**Work to complete:** Count every line below that holds "also". Number only.

====== Records for the exercise ======

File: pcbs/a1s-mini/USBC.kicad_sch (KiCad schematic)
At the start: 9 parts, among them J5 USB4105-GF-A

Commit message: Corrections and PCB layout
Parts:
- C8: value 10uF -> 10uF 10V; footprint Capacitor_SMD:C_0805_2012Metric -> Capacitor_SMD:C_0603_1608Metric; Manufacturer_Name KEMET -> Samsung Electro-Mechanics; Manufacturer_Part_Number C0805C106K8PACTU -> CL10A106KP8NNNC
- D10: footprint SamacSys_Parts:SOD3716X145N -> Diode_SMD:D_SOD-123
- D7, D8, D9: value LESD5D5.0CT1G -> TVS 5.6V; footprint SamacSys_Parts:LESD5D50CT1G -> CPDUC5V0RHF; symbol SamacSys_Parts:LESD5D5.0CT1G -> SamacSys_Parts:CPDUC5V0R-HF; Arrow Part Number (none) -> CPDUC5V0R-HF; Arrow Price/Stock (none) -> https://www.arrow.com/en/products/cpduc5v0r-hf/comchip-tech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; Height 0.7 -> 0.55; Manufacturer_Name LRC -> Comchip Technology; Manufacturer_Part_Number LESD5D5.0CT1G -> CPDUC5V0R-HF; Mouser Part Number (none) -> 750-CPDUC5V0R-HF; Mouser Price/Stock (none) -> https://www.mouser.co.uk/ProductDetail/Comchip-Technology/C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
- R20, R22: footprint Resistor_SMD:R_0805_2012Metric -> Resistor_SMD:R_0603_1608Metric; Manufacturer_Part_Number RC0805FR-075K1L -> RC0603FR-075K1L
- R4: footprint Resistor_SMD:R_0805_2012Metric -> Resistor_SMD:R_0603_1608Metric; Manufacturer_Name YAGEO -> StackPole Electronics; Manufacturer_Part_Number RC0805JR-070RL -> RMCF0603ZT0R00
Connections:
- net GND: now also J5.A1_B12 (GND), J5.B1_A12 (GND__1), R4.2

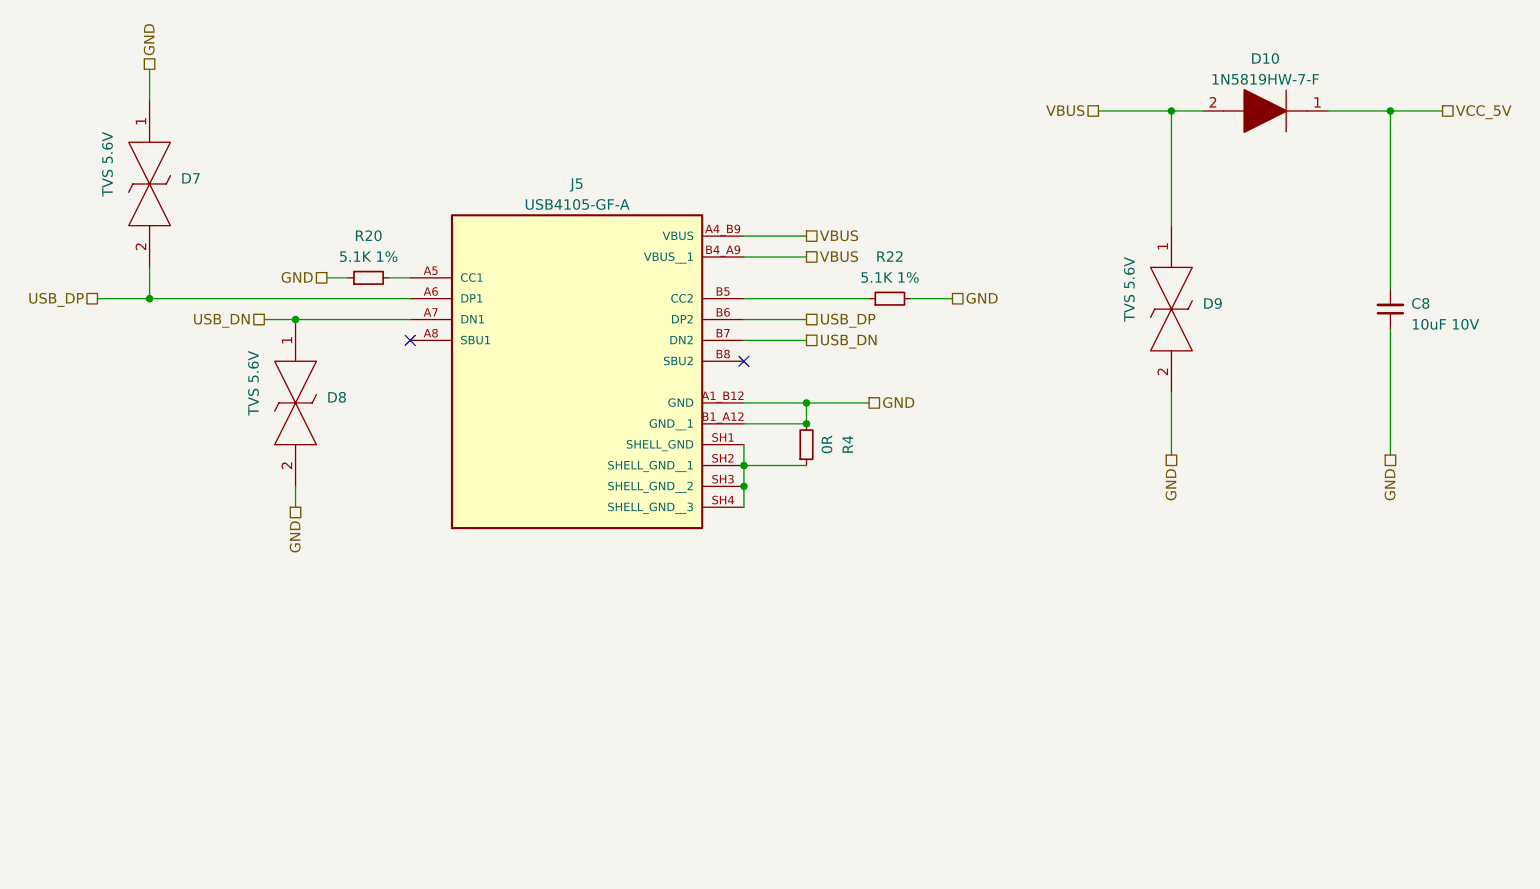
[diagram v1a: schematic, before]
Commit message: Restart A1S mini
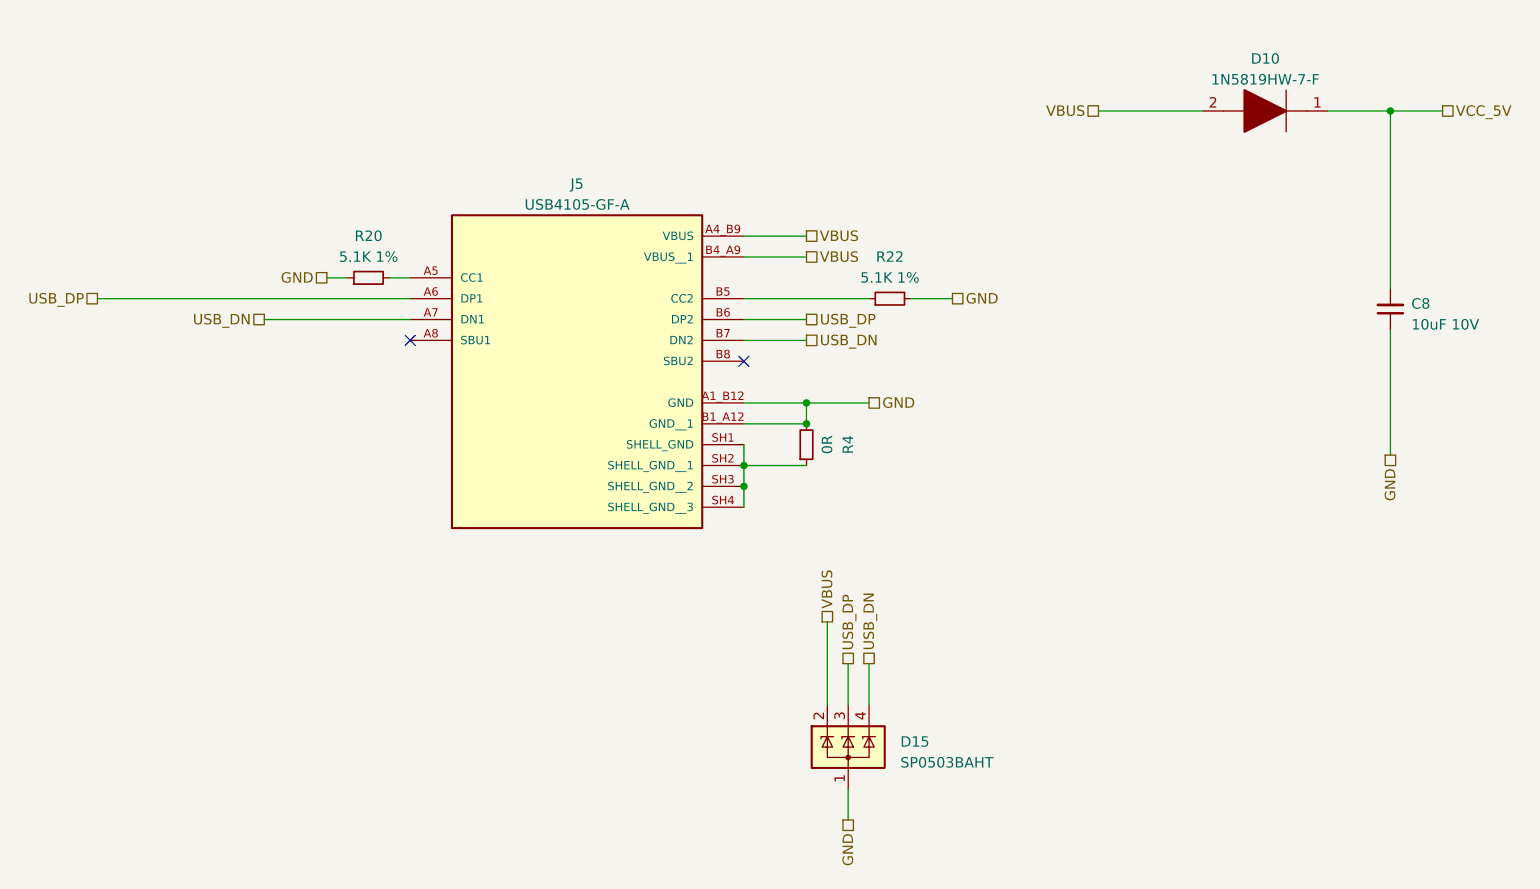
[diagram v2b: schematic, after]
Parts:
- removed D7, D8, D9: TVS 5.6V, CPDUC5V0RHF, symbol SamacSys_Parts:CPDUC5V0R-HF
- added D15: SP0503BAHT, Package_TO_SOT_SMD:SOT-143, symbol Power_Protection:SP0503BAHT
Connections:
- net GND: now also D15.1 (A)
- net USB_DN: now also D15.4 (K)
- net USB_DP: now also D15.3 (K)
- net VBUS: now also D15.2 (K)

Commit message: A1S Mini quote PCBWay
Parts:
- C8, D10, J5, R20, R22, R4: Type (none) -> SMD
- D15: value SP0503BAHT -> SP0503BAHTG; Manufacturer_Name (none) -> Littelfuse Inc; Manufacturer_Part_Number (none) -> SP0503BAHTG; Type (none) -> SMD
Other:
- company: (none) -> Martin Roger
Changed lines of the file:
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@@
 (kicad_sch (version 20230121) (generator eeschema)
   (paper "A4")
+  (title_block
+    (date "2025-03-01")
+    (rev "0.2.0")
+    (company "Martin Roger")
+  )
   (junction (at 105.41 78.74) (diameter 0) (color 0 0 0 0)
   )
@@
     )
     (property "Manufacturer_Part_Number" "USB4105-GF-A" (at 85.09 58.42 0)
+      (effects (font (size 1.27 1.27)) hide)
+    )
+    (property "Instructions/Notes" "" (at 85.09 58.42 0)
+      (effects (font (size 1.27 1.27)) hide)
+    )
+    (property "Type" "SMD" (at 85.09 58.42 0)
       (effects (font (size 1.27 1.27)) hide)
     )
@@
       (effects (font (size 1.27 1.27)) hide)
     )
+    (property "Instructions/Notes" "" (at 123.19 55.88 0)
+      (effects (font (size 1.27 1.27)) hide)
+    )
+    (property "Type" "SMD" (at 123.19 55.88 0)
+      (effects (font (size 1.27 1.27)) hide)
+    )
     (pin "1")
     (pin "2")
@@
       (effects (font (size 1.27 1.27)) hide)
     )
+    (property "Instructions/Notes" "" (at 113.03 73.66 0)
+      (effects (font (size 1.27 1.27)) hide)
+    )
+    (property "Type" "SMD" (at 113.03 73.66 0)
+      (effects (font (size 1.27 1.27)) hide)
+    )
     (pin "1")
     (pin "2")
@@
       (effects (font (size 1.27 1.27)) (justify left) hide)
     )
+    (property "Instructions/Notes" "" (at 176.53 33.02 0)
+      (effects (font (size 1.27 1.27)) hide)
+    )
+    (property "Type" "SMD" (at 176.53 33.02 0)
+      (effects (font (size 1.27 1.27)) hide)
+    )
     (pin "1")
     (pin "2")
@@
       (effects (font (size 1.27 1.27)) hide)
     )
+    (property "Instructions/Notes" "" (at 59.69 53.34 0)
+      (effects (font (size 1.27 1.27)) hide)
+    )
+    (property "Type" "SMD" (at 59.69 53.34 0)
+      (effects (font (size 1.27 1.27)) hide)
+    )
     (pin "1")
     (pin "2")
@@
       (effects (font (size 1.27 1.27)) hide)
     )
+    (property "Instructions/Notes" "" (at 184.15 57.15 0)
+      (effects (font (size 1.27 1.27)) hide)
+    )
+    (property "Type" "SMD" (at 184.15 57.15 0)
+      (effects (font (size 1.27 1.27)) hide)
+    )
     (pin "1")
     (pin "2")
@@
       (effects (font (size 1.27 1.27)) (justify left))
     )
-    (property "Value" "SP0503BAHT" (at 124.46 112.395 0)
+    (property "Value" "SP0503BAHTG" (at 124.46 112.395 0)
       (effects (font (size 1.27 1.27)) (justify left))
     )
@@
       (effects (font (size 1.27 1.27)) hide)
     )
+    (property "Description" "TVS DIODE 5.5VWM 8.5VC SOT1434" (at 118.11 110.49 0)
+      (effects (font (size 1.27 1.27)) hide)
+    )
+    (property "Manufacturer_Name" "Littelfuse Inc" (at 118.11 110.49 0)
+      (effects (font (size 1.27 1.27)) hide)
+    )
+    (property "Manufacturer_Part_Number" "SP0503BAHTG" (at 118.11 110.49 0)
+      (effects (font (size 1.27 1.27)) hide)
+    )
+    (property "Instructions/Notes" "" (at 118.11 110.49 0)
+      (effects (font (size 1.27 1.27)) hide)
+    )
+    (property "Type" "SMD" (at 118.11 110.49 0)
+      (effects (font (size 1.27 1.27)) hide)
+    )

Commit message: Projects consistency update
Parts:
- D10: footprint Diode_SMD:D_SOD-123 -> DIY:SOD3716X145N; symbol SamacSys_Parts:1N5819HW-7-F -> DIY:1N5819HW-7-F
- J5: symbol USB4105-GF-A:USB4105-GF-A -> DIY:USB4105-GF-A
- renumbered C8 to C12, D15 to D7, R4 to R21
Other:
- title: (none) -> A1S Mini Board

======

**Output of the task:** 5